If yes, then you know sex is officially dead, and your relationship is complicated. It may be because he’s no longer attracted to you sexually or other external factors like stress at work.
Whatever it is, one thing is sure: Your sex life is non-existent, and it’s time you do something about it.
• Excuses are consistent
Believe it or not, “I have a headache” is not only a popular woman’s saying when she’s not interested in having sex. Men use it, too, when they’re not in the mood for sex or when they’re no longer interested in their partner sexually.
It doesn’t have to be a headache, but it can be anything else. From staying late at work (wait, does that indicate cheating?) to spending too much time with his best friends, excuses are consistent and sex is non-existent.
• Spending time together feels forced
Even when he manages to find time to spend with you (wow, he can do that?), everything feels unnatural.
As a matter of fact, your entire relationship feels forced. There are no subtle touches, there is no chemistry, and he doesn’t even try to make you horny.
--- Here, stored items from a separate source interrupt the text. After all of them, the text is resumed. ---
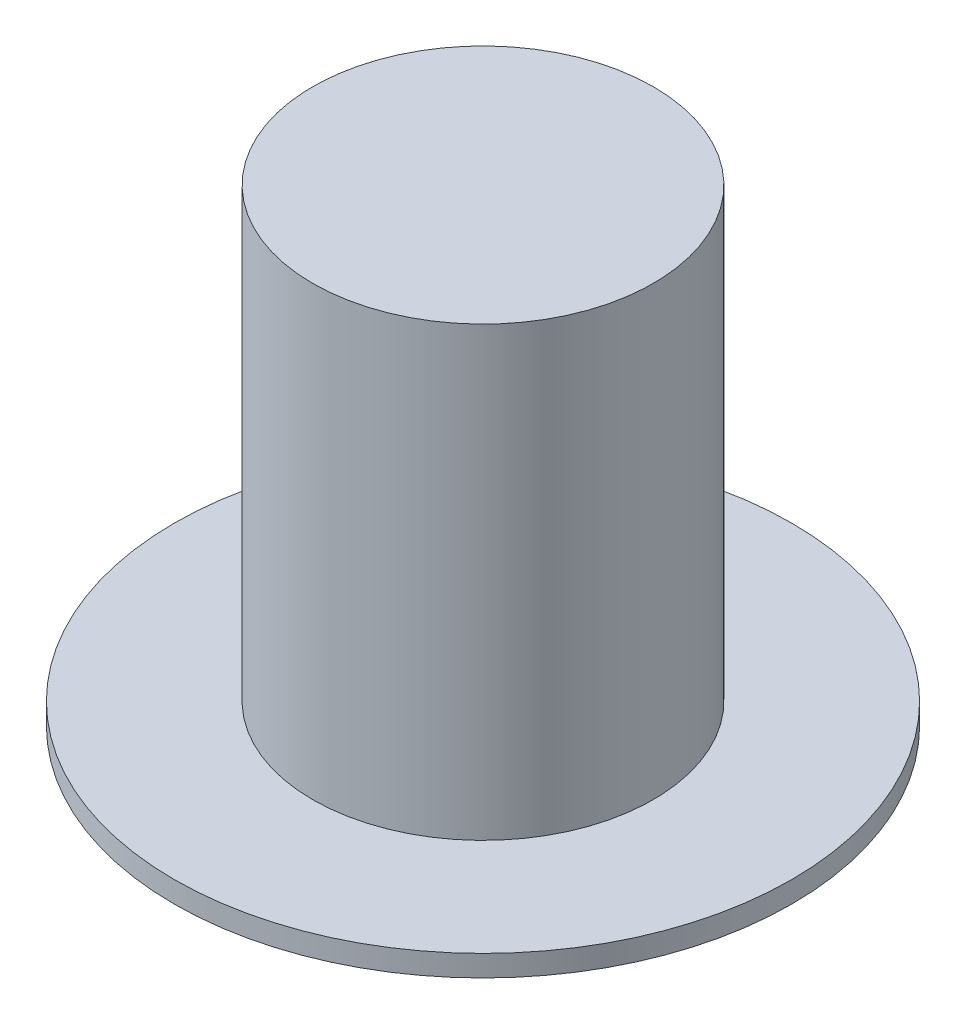
from build123d import *

# Parameters (mm, degrees)
SKETCH_1_R          = 14.5
EXTRUDE_1_DEPTH     = 1
SKETCH_3_R          = 8
EXTRUDE_3_DEPTH     = 21
SKETCH_4_W          = 2
SKETCH_4_H          = 13
CUT_EXTRUDE_1_DEPTH = 10
SKETCH_5_W          = 2
SKETCH_5_H          = 2
EXTRUDE_4_DEPTH     = 1


with BuildPart() as part:
    # 草图1 → 拉伸1 (new body)
    with BuildSketch(Plane(origin=(0, 0, 0), x_dir=(1, 0, 0), z_dir=(0, 1, 0))):
        Circle(SKETCH_1_R)
    extrude(amount=EXTRUDE_1_DEPTH)

    # 草图3 → 拉伸3 (add)
    with BuildSketch(Plane(origin=(0, 1, 0), x_dir=(-1, 0, 0), z_dir=(0, 1, 0))):
        Circle(SKETCH_3_R)
    extrude(amount=EXTRUDE_3_DEPTH)

    # 草图4 → 切除-拉伸1 (cut)
    with BuildSketch(Plane(origin=(0, 0, 0), x_dir=(-1, 0, 0), z_dir=(0, 1, 0))):
        Rectangle(SKETCH_4_W, SKETCH_4_H)
    extrude(amount=CUT_EXTRUDE_1_DEPTH, mode=Mode.SUBTRACT)

    # 草图5 → 拉伸4 (add)
    with BuildSketch(Plane.XZ.offset(-10)):
        Rectangle(SKETCH_5_W, SKETCH_5_H)
    extrude(amount=EXTRUDE_4_DEPTH)


solid = part.part

Why?
Is he truly not interested in you, or is he playing hard to get? Seriously? Do men even know how to play hard to get when it comes to these sexual matters?
• Dull texts
Trust me, men, boyfriends, and generally the entire male species are highly skillful when it comes to sexually provoking a woman via text.
Some of them try hard to make a woman horny by sending dirty texts, while others resort to sending hot pictures to catch your attention and make you want them badly.
Whatever method they choose, the goal remains the same: They want to make you aroused because they’re sexually attracted to you.
Now, if your boyfriend has suddenly become ‘bad at texting’ and seldom or never uses any sexual connotations, you should be worried. I’m saying this to you, woman-to-woman.
Is the statement My boyfriend doesn’t seem interested in me sexually anymore still running through your head? If not, then you can be sure that you’ve found the reasons why your boyfriend might be disinterested in you sexually.
Whatever the reason, keep in mind that you don’t deserve a guy who makes you feel alone in a relationship. If talking to him about it doesn’t help, then consider seeing a sex therapist or another professional.
If that also doesn’t help, then perhaps breaking up with him is the right thing to do. As always, you are the judge of that because every relationship is individual.
Everyone deserves to feel desired and wanted in a relationship both emotionally and sexually.
If that’s something your partner can no longer give you and it can be fixed, then you know what you ought to do. Life is too short to spend it with someone who makes you unhappy.